Originally Posted by salasi
This is an excellent point. I know this is a little off-topic (maybe deserves its own thread), but have you noticed how many of the 'Get up and running with <insert CMS name> in 24 Hours' style books that say anything worthwhile about security? At least in the bookshops in which I have looked, it is more-or-less zero. This (imnvho) is seriously reprehensible, and must be, in part, responsible for the issue.
I haven't noticed what's out there in terms of books myself, but I've never read a book about CMS before. I've used several CMS systems and I've been administering sites for over 15 years. To me, competent system administration comes before doing all this, especially in this day and age.
One thing about easily getting started is it gives feedback and success to new people. They will get hacked and learn. There's something to be said for the learning process. We all have to go through it at some point. We can't all be experts right out of the gate.
If the books are too thick and complicated, they won't sell and the number of people learning will narrow. It's already a problem in general in our industry. People are not bothering to go into Information Technology because of the work involved in getting started. I guess that's good for our salaries, but bad for the industry because we don't have enough workers to keep up with the expected progress.

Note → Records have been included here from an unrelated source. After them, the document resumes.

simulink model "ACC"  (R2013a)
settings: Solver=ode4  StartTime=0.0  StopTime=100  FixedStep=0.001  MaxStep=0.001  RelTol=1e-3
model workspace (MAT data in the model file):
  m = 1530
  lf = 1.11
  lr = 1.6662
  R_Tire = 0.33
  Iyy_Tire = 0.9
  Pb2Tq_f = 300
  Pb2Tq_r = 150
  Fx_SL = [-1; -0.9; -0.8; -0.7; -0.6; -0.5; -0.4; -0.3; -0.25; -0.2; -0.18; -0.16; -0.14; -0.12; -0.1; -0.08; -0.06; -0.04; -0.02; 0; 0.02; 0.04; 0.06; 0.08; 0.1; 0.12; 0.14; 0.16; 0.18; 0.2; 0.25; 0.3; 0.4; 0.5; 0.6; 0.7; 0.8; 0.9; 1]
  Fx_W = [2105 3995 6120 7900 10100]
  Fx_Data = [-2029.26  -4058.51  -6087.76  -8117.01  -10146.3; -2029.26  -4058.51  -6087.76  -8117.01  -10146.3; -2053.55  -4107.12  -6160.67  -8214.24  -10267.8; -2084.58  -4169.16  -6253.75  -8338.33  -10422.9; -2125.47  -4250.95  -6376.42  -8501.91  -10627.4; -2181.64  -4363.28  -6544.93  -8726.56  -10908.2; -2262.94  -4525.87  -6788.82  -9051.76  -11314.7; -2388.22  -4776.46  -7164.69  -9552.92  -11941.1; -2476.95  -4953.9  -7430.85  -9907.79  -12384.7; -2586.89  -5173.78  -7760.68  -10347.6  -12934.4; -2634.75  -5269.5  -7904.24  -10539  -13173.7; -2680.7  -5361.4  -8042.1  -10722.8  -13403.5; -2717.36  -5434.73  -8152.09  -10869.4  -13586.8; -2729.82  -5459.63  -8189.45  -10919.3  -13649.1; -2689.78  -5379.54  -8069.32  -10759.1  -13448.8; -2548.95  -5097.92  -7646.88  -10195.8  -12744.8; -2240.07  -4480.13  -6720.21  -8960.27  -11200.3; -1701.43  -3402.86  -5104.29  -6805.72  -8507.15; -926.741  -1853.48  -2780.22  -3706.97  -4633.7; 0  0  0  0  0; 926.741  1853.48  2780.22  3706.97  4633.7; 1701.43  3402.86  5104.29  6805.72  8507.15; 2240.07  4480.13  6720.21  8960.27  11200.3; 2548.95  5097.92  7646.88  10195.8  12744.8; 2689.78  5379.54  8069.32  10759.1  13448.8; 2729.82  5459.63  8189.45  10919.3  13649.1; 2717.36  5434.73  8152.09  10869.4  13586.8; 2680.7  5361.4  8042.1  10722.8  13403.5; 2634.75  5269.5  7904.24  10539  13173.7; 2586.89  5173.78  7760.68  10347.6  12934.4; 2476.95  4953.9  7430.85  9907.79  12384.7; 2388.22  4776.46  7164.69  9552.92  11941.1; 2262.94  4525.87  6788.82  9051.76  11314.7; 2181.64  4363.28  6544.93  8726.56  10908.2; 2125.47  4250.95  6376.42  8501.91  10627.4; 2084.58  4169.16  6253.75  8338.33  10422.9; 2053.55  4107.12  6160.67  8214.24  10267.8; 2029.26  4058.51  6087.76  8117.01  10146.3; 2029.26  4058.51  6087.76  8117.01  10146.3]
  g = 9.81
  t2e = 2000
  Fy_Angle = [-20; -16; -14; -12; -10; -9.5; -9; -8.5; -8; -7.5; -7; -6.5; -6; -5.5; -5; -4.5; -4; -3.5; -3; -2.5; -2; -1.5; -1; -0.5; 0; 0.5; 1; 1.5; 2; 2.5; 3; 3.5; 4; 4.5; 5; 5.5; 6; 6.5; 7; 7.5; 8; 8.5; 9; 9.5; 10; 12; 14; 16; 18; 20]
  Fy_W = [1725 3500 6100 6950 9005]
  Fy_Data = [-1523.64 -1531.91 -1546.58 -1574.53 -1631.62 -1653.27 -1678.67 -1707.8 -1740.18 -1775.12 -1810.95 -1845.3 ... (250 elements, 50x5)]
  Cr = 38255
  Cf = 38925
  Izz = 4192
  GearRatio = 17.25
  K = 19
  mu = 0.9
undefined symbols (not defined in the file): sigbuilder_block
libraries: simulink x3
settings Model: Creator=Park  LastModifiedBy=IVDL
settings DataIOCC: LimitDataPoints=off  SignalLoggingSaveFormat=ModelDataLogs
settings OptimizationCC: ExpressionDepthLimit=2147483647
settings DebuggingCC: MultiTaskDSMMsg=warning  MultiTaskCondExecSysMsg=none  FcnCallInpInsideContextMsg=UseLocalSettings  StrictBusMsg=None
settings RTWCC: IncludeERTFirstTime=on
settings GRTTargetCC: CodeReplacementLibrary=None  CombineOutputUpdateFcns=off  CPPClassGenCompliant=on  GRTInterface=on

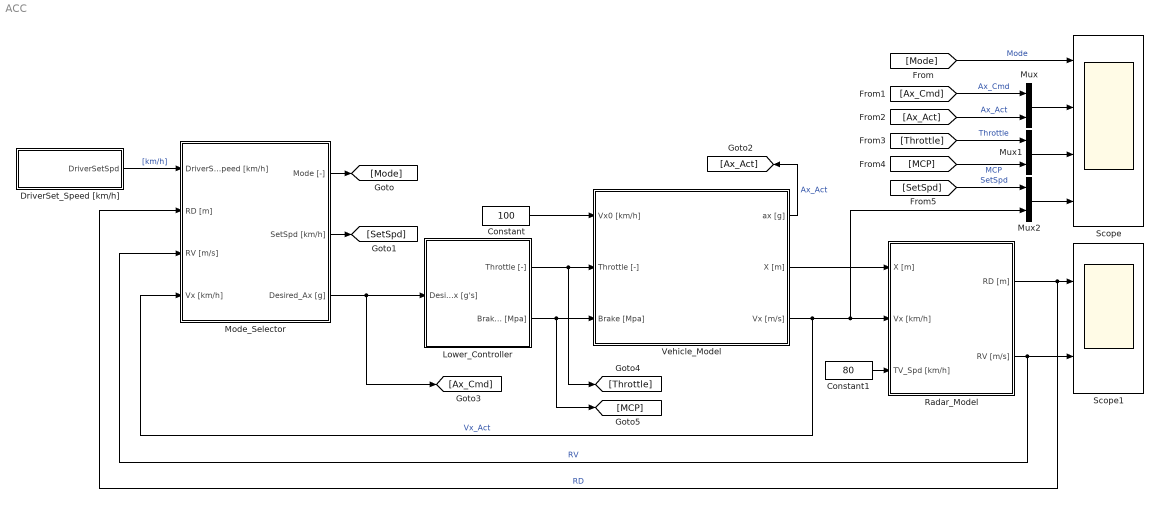
== system ACC ==
  Constant : Constant  Value=100
  Constant1 : Constant  Value=80
  DriverSet_Speed [km/h] : Subsystem  Tag=STV Subsys  LoadFcn=sigbuilder_block('load');  StartFcn=sigbuilder_block('start');  StopFcn=sigbuilder_block('stop');  ClipboardFcn=sigbuilder_block('clipboard');  mask(Sigbuilder block){}
      mask help: Simulink:masks:SigbuilderBlock_MD
      mask init:
      | if ~strcmp(get_param(bdroot(gcbh),'SimulationStatus'),'stopped') tuvar = sigbuilder_block('maskInit'); end
      settings: CopyFcn=sigbuilder_block('copy');  DeleteFcn=sigbuilder_block('delete');  ModelCloseFcn=sigbuilder_block('modelClose');  PreSaveFcn=sigbuilder_block('preSave');  PauseFcn=sigbuilder_block('pause');  ContinueFcn=sigbuilder_block('continue');  NameChangeFcn=sigbuilder_block('namechange');  OpenFcn=sigbuilder_block('open',[361.5 171.75 518.25 401.25 ]);  CloseFcn=sigbuilder_block('close');
      mask Display: plot(0, 0, 100, 100,[2, 2, 32, 32, 2], [68, 8, 8, 68, 68],[32, 2], [38, 38], [32, 19, 2],[53, 60, 44], [32, 17, 17, 2],[16, 16, 31, 31]);txt = getActiveGroup(gcbh);text(2, 100, txt,'verticalAlignment', 'top');
  Lower_Controller : Subsystem
  Mode_Selector : Subsystem
  Mux : Mux  Inputs=2
  Mux1 : Mux  Inputs=2
  Mux2 : Mux  Inputs=2
  Radar_Model : Subsystem
  Scope : Scope  NumInputPorts=4
      settings: ShowLegends=on  TimeRange=100  YMin=0~-0.4~0~30  YMax=1.1~0.4~5~130
  Scope1 : Scope  NumInputPorts=2
      settings: ShowLegends=on  TimeRange=100  YMin=100~-10  YMax=400~6
  Vehicle_Model : Subsystem
  wires:
  Lower_Controller/1(Throttle [-]) -> Vehicle_Model/2(Throttle [-]), [Throttle]
  Lower_Controller/2(Brake [Mpa]) -> Vehicle_Model/3(Brake [Mpa]), [MCP]
  Vehicle_Model/2(X [m]) -> Radar_Model/1(X [m])
  DriverSet_Speed [km/h]/1(DriverSetSpd) -> Mode_Selector/1(DriverSet_Speed [km/h])  "[km/h]"
  Constant/1 -> Vehicle_Model/1(Vx0 [km/h])
  Radar_Model/1(RD [m]) -> Mode_Selector/2(RD [m]), Scope1/1  "RD"
  Radar_Model/2(RV [m/s]) -> Mode_Selector/3(RV [m/s]), Scope1/2  "RV"
  Constant1/1 -> Radar_Model/3(TV_Spd [km/h])
  Mode_Selector/1(Mode [-]) -> [Mode]
  Mode_Selector/2(SetSpd [km/h]) -> [SetSpd]
  Vehicle_Model/1(ax [g]) -> [Ax_Act]  "Ax_Act"
  [Mode] -> Scope/1  "Mode"
  Mux/1 -> Scope/2
  [Ax_Cmd] -> Mux/1  "Ax_Cmd"
  [Ax_Act] -> Mux/2  "Ax_Act"
  Mux1/1 -> Scope/3
  [MCP] -> Mux1/2  "MCP"
  [Throttle] -> Mux1/1  "Throttle"
  Mux2/1 -> Scope/4
  [SetSpd] -> Mux2/1  "SetSpd"
  Vehicle_Model/3(Vx [m/s]) -> Mode_Selector/4(Vx [km/h]), Mux2/2, Radar_Model/2(Vx [km/h])  "Vx_Act"
  Mode_Selector/3(Desired_Ax [g]) -> [Ax_Cmd], Lower_Controller/1(Desired_Ax [g's])

== system ACC/DriverSet_Speed [km//h] ==
  Demux : Demux  Tag=STV Demux  Outputs=1
  FromWs : FromWorkspace  Tag=STV FromWs  VariableName=tuvar  SampleTime=0
      SigBuilderData=|
      | common.afterFinalStr = 'Extrapolate'
      | common.sampleTime = 0
      | dataSet.timeRange = [0 100]
      | dataSet.name = 'Group 1'
      | sbobj.Groups.Name = 'Group 1'
      | sbobj.Groups.Signals.Name = 'DriverSetSpd'
      | sbobj.Groups.Signals.XData = [0 25 25 80 80 100]
      | sbobj.Groups.Signals.YData = [70 70 110 110 60 60]
      | sbobj.Groups.TimeRange = [0 100]
  DriverSetSpd : Outport  Tag=STV Outport
  wires:
  FromWs/1 -> Demux/1
  Demux/1 -> DriverSetSpd/1

== system ACC/Lower_Controller ==
  Desired_Ax [g's] : Inport
  Brake_Controller : Subsystem  RequirementInfo="{}  %GIDa_30b132b4_0fb0_4af6_85f4_ad121309f217"
  Throttle_Controller : Subsystem  RequirementInfo="{}  %GIDa_10e5c59a_a8ca_4e4d_9e23_d4de8c8e8e1e"
  Throttle [-] : Outport
  Brake [Mpa] : Outport  Port=2
  wires:
  Desired_Ax [g's]/1 -> Throttle_Controller/1(Desired_Ax [g's]), Brake_Controller/1(Desired_Ax [g's])
  Throttle_Controller/1(Throttle [-]) -> Throttle [-]/1
  Brake_Controller/1(Brake [Mpa]) -> Brake [Mpa]/1

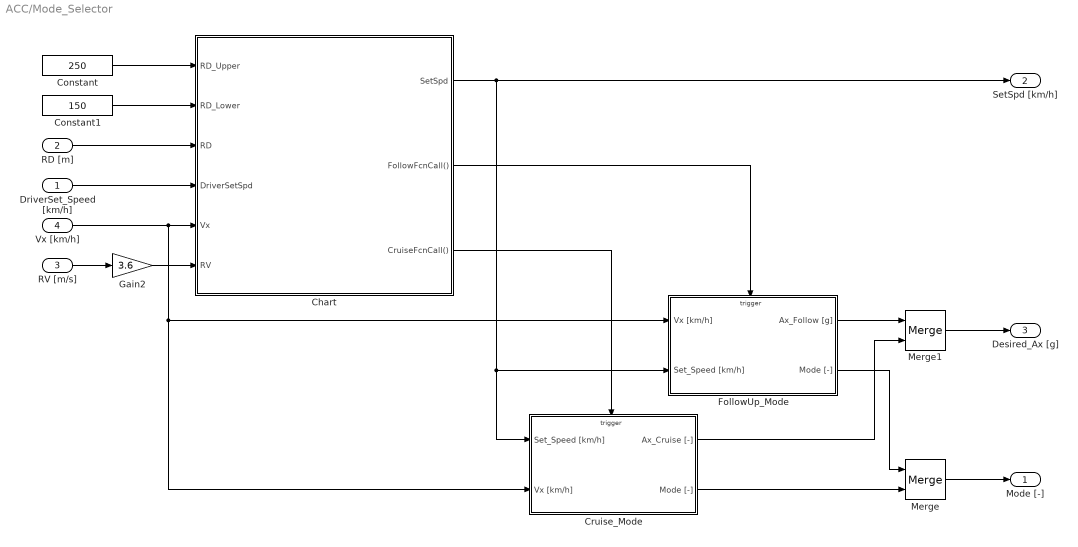
== system ACC/Mode_Selector ==
  DriverSet_Speed [km/h] : Inport
  RD [m] : Inport  Port=2
  RV [m/s] : Inport  Port=3
  Vx [km/h] : Inport  Port=4
  Chart : Stateflow chart  TreatAsAtomicUnit=on
  Constant : Constant  Value=250
  Constant1 : Constant  Value=150
  Cruise_Mode : Subsystem
  FollowUp_Mode : Subsystem
  Gain2 : Gain  Gain=3.6
  Merge : Merge
  Merge1 : Merge
  Mode [-] : Outport
  SetSpd [km/h] : Outport  Port=2
  Desired_Ax [g] : Outport  Port=3
  wires:
  Constant1/1 -> Chart/2(RD_Lower)
  Constant/1 -> Chart/1(RD_Upper)
  RV [m/s]/1 -> Gain2/1
  DriverSet_Speed [km/h]/1 -> Chart/4(DriverSetSpd)
  RD [m]/1 -> Chart/3(RD)
  Vx [km/h]/1 -> Cruise_Mode/2(Vx [km/h]), FollowUp_Mode/1(Vx [km/h]), Chart/5(Vx)
  Gain2/1 -> Chart/6(RV)
  Chart/2(FollowFcnCall()) -> FollowUp_Mode/Trigger
  Chart/3(CruiseFcnCall()) -> Cruise_Mode/Trigger
  Merge1/1 -> Desired_Ax [g]/1
  FollowUp_Mode/1(Ax_Follow [g]) -> Merge1/1
  Cruise_Mode/1(Ax_Cruise [-]) -> Merge1/2
  FollowUp_Mode/2(Mode [-]) -> Merge/1
  Cruise_Mode/2(Mode [-]) -> Merge/2
  Merge/1 -> Mode [-]/1
  Chart/1(SetSpd) -> SetSpd [km/h]/1, FollowUp_Mode/2(Set_Speed [km/h]), Cruise_Mode/1(Set_Speed [km/h])

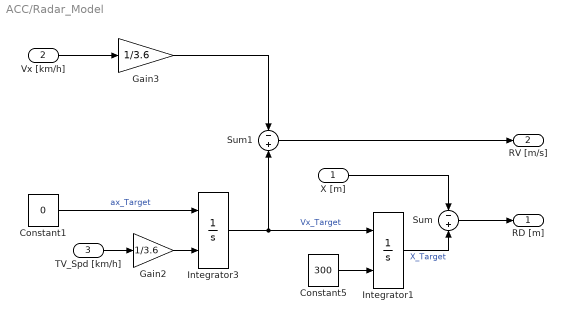
== system ACC/Radar_Model ==
  X [m] : Inport
  Vx [km/h] : Inport  Port=2
  TV_Spd [km/h] : Inport  Port=3
  Constant1 : Constant  Value=0
  Constant5 : Constant  Value=300
  Gain2 : Gain  Gain=1/3.6
  Gain3 : Gain  Gain=1/3.6
  Integrator1 : Integrator  InitialConditionSource=external  InitialCondition=500
  Integrator3 : Integrator  InitialConditionSource=external  InitialCondition=80  LimitOutput=on  LowerSaturationLimit=0
  Sum : Sum  Inputs=-+
  Sum1 : Sum  Inputs=-+
  RD [m] : Outport
  RV [m/s] : Outport  Port=2
  wires:
  TV_Spd [km/h]/1 -> Gain2/1
  Constant1/1 -> Integrator3/1  "ax_Target"
  Integrator3/1 -> Integrator1/1, Sum1/2  "Vx_Target"
  Integrator1/1 -> Sum/2  "X_Target"
  Constant5/1 -> Integrator1/2
  Sum/1 -> RD [m]/1
  X [m]/1 -> Sum/1
  Vx [km/h]/1 -> Gain3/1
  Sum1/1 -> RV [m/s]/1
  Gain2/1 -> Integrator3/2
  Gain3/1 -> Sum1/1

== system ACC/Vehicle_Model ==
  Vx0 [km/h] : Inport
  Throttle [-] : Inport  Port=2
  Brake [Mpa] : Inport  Port=3
  Gain1 : Gain  Gain=1/9.81
  Gain2 : Gain  Gain=3.6
  SWA [deg] : Constant  Value=0
  Vehicle_Model : Subsystem
  ax [g] : Outport
  X [m] : Outport  Port=2
  Vx [m/s] : Outport  Port=3
  wires:
  Vx0 [km/h]/1 -> Vehicle_Model/1(Vx0 [km/h])
  SWA [deg]/1 -> Vehicle_Model/2(SWA [deg])
  Vehicle_Model/5(Vx [m/s]) -> Gain2/1
  Vehicle_Model/6(ax [m/s^2]) -> Gain1/1
  Brake [Mpa]/1 -> Vehicle_Model/4(Brake [Mpa])
  Throttle [-]/1 -> Vehicle_Model/3(Throttle [-])
  Vehicle_Model/1(X [m]) -> X [m]/1
  Gain2/1 -> Vx [m/s]/1
  Gain1/1 -> ax [g]/1

== system ACC/Lower_Controller/Brake_Controller ==
  Desired_Ax [g's] : Inport
  Compare To Zero : simulink/Logic and Bit Operations/Compare To Zero  relop=<=  OutDataTypeStr=boolean
  Data Type Conversion : DataTypeConversion  OutDataTypeStr=double
  Gain : Gain  Gain=-1
  Gain1 : Gain  Gain=0.05
  Gain2 : Gain  Gain=12
  Integrator : Integrator  ExternalReset=rising
  Saturation : Saturate  UpperLimit=4  LowerLimit=0
  Sum : Sum
  Brake [Mpa] : Outport
  wires:
  Gain/1 -> Gain2/1, Gain1/1, Compare To Zero/1
  Saturation/1 -> Brake [Mpa]/1
  Sum/1 -> Saturation/1
  Desired_Ax [g's]/1 -> Gain/1
  Gain2/1 -> Sum/1
  Compare To Zero/1 -> Data Type Conversion/1
  Integrator/1 -> Sum/2
  Gain1/1 -> Integrator/1
  Data Type Conversion/1 -> Integrator/2

== system ACC/Lower_Controller/Throttle_Controller ==
  Desired_Ax [g's] : Inport
  Compare To Zero : simulink/Logic and Bit Operations/Compare To Zero  relop=<=  OutDataTypeStr=boolean
  Data Type Conversion : DataTypeConversion  OutDataTypeStr=double
  Gain1 : Gain  Gain=0.5
  Gain2 : Gain  Gain=7
  Integrator : Integrator  ExternalReset=rising
  Saturation : Saturate  UpperLimit=0.7  LowerLimit=0
  Sum : Sum
  Throttle [-] : Outport
  wires:
  Saturation/1 -> Throttle [-]/1
  Sum/1 -> Saturation/1
  Desired_Ax [g's]/1 -> Gain2/1, Gain1/1, Compare To Zero/1
  Gain2/1 -> Sum/1
  Integrator/1 -> Sum/2
  Data Type Conversion/1 -> Integrator/2
  Gain1/1 -> Integrator/1
  Compare To Zero/1 -> Data Type Conversion/1

== system ACC/Mode_Selector/Cruise_Mode ==
  Set_Speed [km/h] : Inport
  Vx [km/h] : Inport  Port=2
  function : TriggerPort  TriggerType=function-call
  Divide : Product  Inputs=/*
  Gain : Gain  Gain=1.2
  Mode1 : Constant  Value=0
  Saturation : Saturate  UpperLimit=0.3  LowerLimit=-0.3
  Sum : Sum  Inputs=|+-
  Ax_Cruise [-] : Outport
  Mode [-] : Outport  Port=2
  wires:
  Vx [km/h]/1 -> Sum/2
  Mode1/1 -> Mode [-]/1
  Saturation/1 -> Ax_Cruise [-]/1
  Divide/1 -> Gain/1  "Normalized_Vx"
  Sum/1 -> Divide/2
  Set_Speed [km/h]/1 -> Divide/1, Sum/1
  Gain/1 -> Saturation/1

== system ACC/Mode_Selector/FollowUp_Mode ==
  Vx [km/h] : Inport
  Set_Speed [km/h] : Inport  Port=2
  function : TriggerPort  TriggerType=function-call
  Divide : Product  Inputs=/*
  Gain : Gain  Gain=2
  Mode1 : Constant
  Saturation1 : Saturate  UpperLimit=0.4  LowerLimit=-0.4
  Sum1 : Sum  Inputs=|+-
  Ax_Follow [g] : Outport
  Mode [-] : Outport  Port=2
  wires:
  Vx [km/h]/1 -> Sum1/2
  Set_Speed [km/h]/1 -> Sum1/1, Divide/1
  Saturation1/1 -> Ax_Follow [g]/1
  Divide/1 -> Gain/1  "Normalized_Vx"
  Sum1/1 -> Divide/2
  Mode1/1 -> Mode [-]/1
  Gain/1 -> Saturation1/1

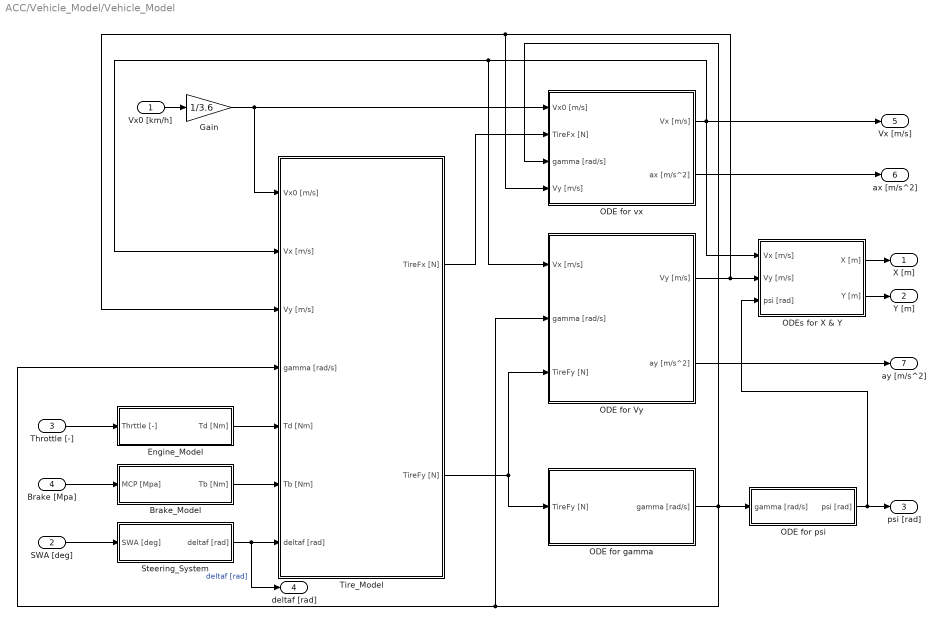
== system ACC/Vehicle_Model/Vehicle_Model ==
  Vx0 [km/h] : Inport
  SWA [deg] : Inport  Port=2
  Throttle [-] : Inport  Port=3
  Brake [Mpa] : Inport  Port=4
  Brake_Model : Subsystem
  Engine_Model : Subsystem
  Gain : Gain  Gain=1/3.6
  ODE for Vy : Subsystem
  ODE for gamma : Subsystem
  ODE for psi : Subsystem
  ODE for vx : Subsystem
  ODEs for X & Y : Subsystem
  Steering_System : Subsystem
  Tire_Model : Subsystem
  X [m] : Outport
  Y [m] : Outport  Port=2
  psi [rad] : Outport  Port=3
  deltaf [rad] : Outport  Port=4
  Vx [m/s] : Outport  Port=5
  ax [m/s^2] : Outport  Port=6
  ay [m/s^2] : Outport  Port=7
  wires:
  Vx0 [km/h]/1 -> Gain/1
  SWA [deg]/1 -> Steering_System/1(SWA [deg])
  Gain/1 -> ODE for vx/1(Vx0 [m/s]), Tire_Model/1(Vx0 [m/s])
  Engine_Model/1(Td [Nm]) -> Tire_Model/5(Td [Nm])
  Brake_Model/1(Tb [Nm]) -> Tire_Model/6(Tb [Nm])
  Brake [Mpa]/1 -> Brake_Model/1(MCP [Mpa])
  Throttle [-]/1 -> Engine_Model/1(Thrttle [-])
  Tire_Model/1(TireFx [N]) -> ODE for vx/2(TireFx [N])
  Steering_System/1(deltaf [rad]) -> deltaf [rad]/1, Tire_Model/7(deltaf [rad])  "deltaf [rad]"
  ODE for vx/1(Vx [m/s]) -> Vx [m/s]/1, ODEs for X & Y/1(Vx [m/s]), ODE for Vy/1(Vx [m/s]), Tire_Model/2(Vx [m/s])
  Tire_Model/2(TireFy [N]) -> ODE for Vy/3(TireFy [N]), ODE for gamma/1(TireFy [N])
  ODE for gamma/1(gamma [rad/s]) -> ODE for vx/3(gamma [rad/s]), ODE for psi/1(gamma [rad/s]), Tire_Model/4(gamma [rad/s]), ODE for Vy/2(gamma [rad/s])
  ODE for Vy/1(Vy [m/s]) -> ODE for vx/4(Vy [m/s]), Tire_Model/3(Vy [m/s]), ODEs for X & Y/2(Vy [m/s])
  ODE for psi/1(psi [rad]) -> psi [rad]/1, ODEs for X & Y/3(psi [rad])
  ODEs for X & Y/1(X [m]) -> X [m]/1
  ODEs for X & Y/2(Y [m]) -> Y [m]/1
  ODE for vx/2(ax [m/s^2]) -> ax [m/s^2]/1
  ODE for Vy/2(ay [m/s^2]) -> ay [m/s^2]/1

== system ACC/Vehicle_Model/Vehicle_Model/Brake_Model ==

I don't think there are any shortcuts or quick answers to things like this. It will always be an ongoing issue. It is the reason why experience pays well when it comes to looking for work and marketing yourself. So I don't have a problem with books that help people get started and learn. Likewise, I don't have a problem with people complaining about those said books because they miss important things about security and such. Both have their place and both are needed.
So, I say to people like salasi... keep educating users/administrators! They need it and we will need them some day. And newbies should continue to try and fail. They need encouragement too. Even if a particular book or shortcut falls short, we are, in general always learning. I know I am!